MATERIAL FOR THIS TASK Block Start

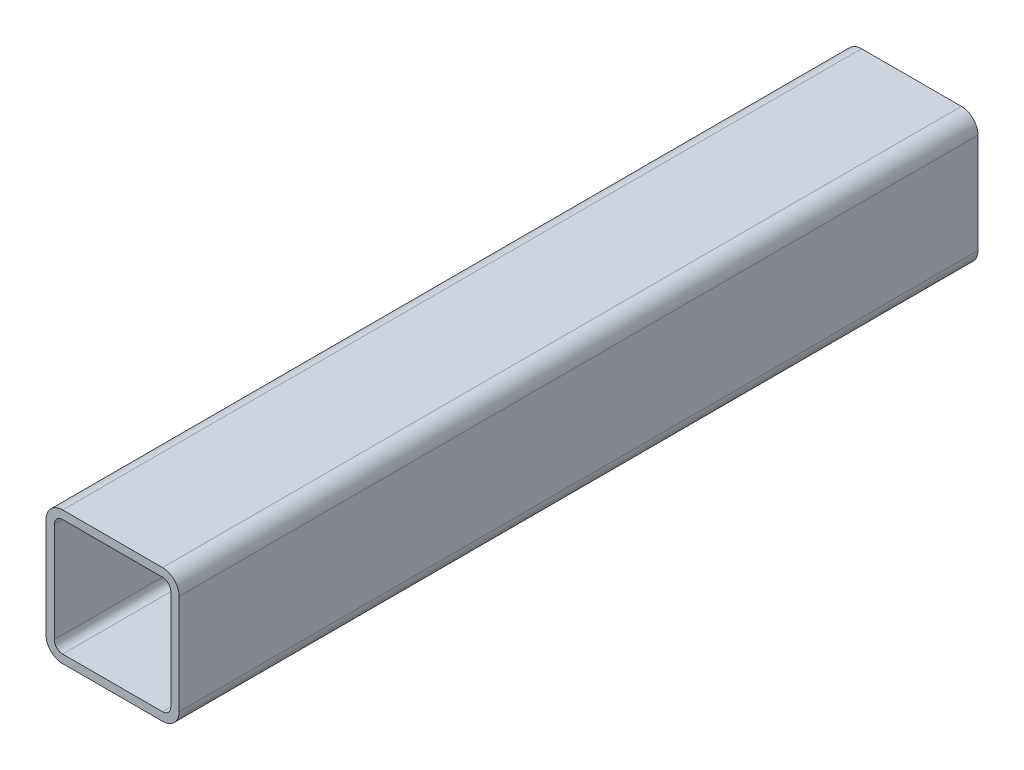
from build123d import *

# Parameters (mm, degrees)
BOSS_EXTRUDE1_DEPTH = 304.8


with BuildPart() as part:
    # Sketch1 → Boss-Extrude1 (new body)
    with BuildSketch(Plane.XY):
        with BuildLine():
            Line((6.35, 50.8), (44.45, 50.8))
            ThreePointArc((44.45, 50.8), (48.940128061, 48.940128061), (50.8, 44.45))
            Line((50.8, 44.45), (50.8, 6.35))
            ThreePointArc((50.8, 6.35), (48.940128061, 1.859871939), (44.45, 0))
            Line((44.45, 0), (6.35, 0))
            ThreePointArc((6.35, 0), (1.859871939, 1.859871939), (0, 6.35))
            Line((0, 6.35), (0, 44.45))
            ThreePointArc((0, 44.45), (1.859871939, 48.940128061), (6.35, 50.8))
        make_face()
        with BuildLine():
            Line((6.35, 47.625), (44.45, 47.625))
            ThreePointArc((44.45, 47.625), (46.69506403, 46.69506403), (47.625, 44.45))
            Line((47.625, 44.45), (47.625, 6.35))
            ThreePointArc((47.625, 6.35), (46.69506403, 4.10493597), (44.45, 3.175))
            Line((44.45, 3.175), (6.35, 3.175))
            ThreePointArc((6.35, 3.175), (4.10493597, 4.10493597), (3.175, 6.35))
            Line((3.175, 6.35), (3.175, 44.45))
            ThreePointArc((3.175, 44.45), (4.10493597, 46.69506403), (6.35, 47.625))
        make_face(mode=Mode.SUBTRACT)
    extrude(amount=BOSS_EXTRUDE1_DEPTH)


solid = part.part

MATERIAL FOR THIS TASK Block End

**PROBLEM DETAILS:** Apart from the pictures, every line above must be printed exactly.

**RESULT:**
from build123d import *

# Parameters (mm, degrees)
BOSS_EXTRUDE1_DEPTH = 304.8


with BuildPart() as part:
    # Sketch1 → Boss-Extrude1 (new body)
    with BuildSketch(Plane.XY):
        with BuildLine():
            Line((6.35, 50.8), (44.45, 50.8))
            ThreePointArc((44.45, 50.8), (48.940128061, 48.940128061), (50.8, 44.45))
            Line((50.8, 44.45), (50.8, 6.35))
            ThreePointArc((50.8, 6.35), (48.940128061, 1.859871939), (44.45, 0))
            Line((44.45, 0), (6.35, 0))
            ThreePointArc((6.35, 0), (1.859871939, 1.859871939), (0, 6.35))
            Line((0, 6.35), (0, 44.45))
            ThreePointArc((0, 44.45), (1.859871939, 48.940128061), (6.35, 50.8))
        make_face()
        with BuildLine():
            Line((6.35, 47.625), (44.45, 47.625))
            ThreePointArc((44.45, 47.625), (46.69506403, 46.69506403), (47.625, 44.45))
            Line((47.625, 44.45), (47.625, 6.35))
            ThreePointArc((47.625, 6.35), (46.69506403, 4.10493597), (44.45, 3.175))
            Line((44.45, 3.175), (6.35, 3.175))
            ThreePointArc((6.35, 3.175), (4.10493597, 4.10493597), (3.175, 6.35))
            Line((3.175, 6.35), (3.175, 44.45))
            ThreePointArc((3.175, 44.45), (4.10493597, 46.69506403), (6.35, 47.625))
        make_face(mode=Mode.SUBTRACT)
    extrude(amount=BOSS_EXTRUDE1_DEPTH)


solid = part.part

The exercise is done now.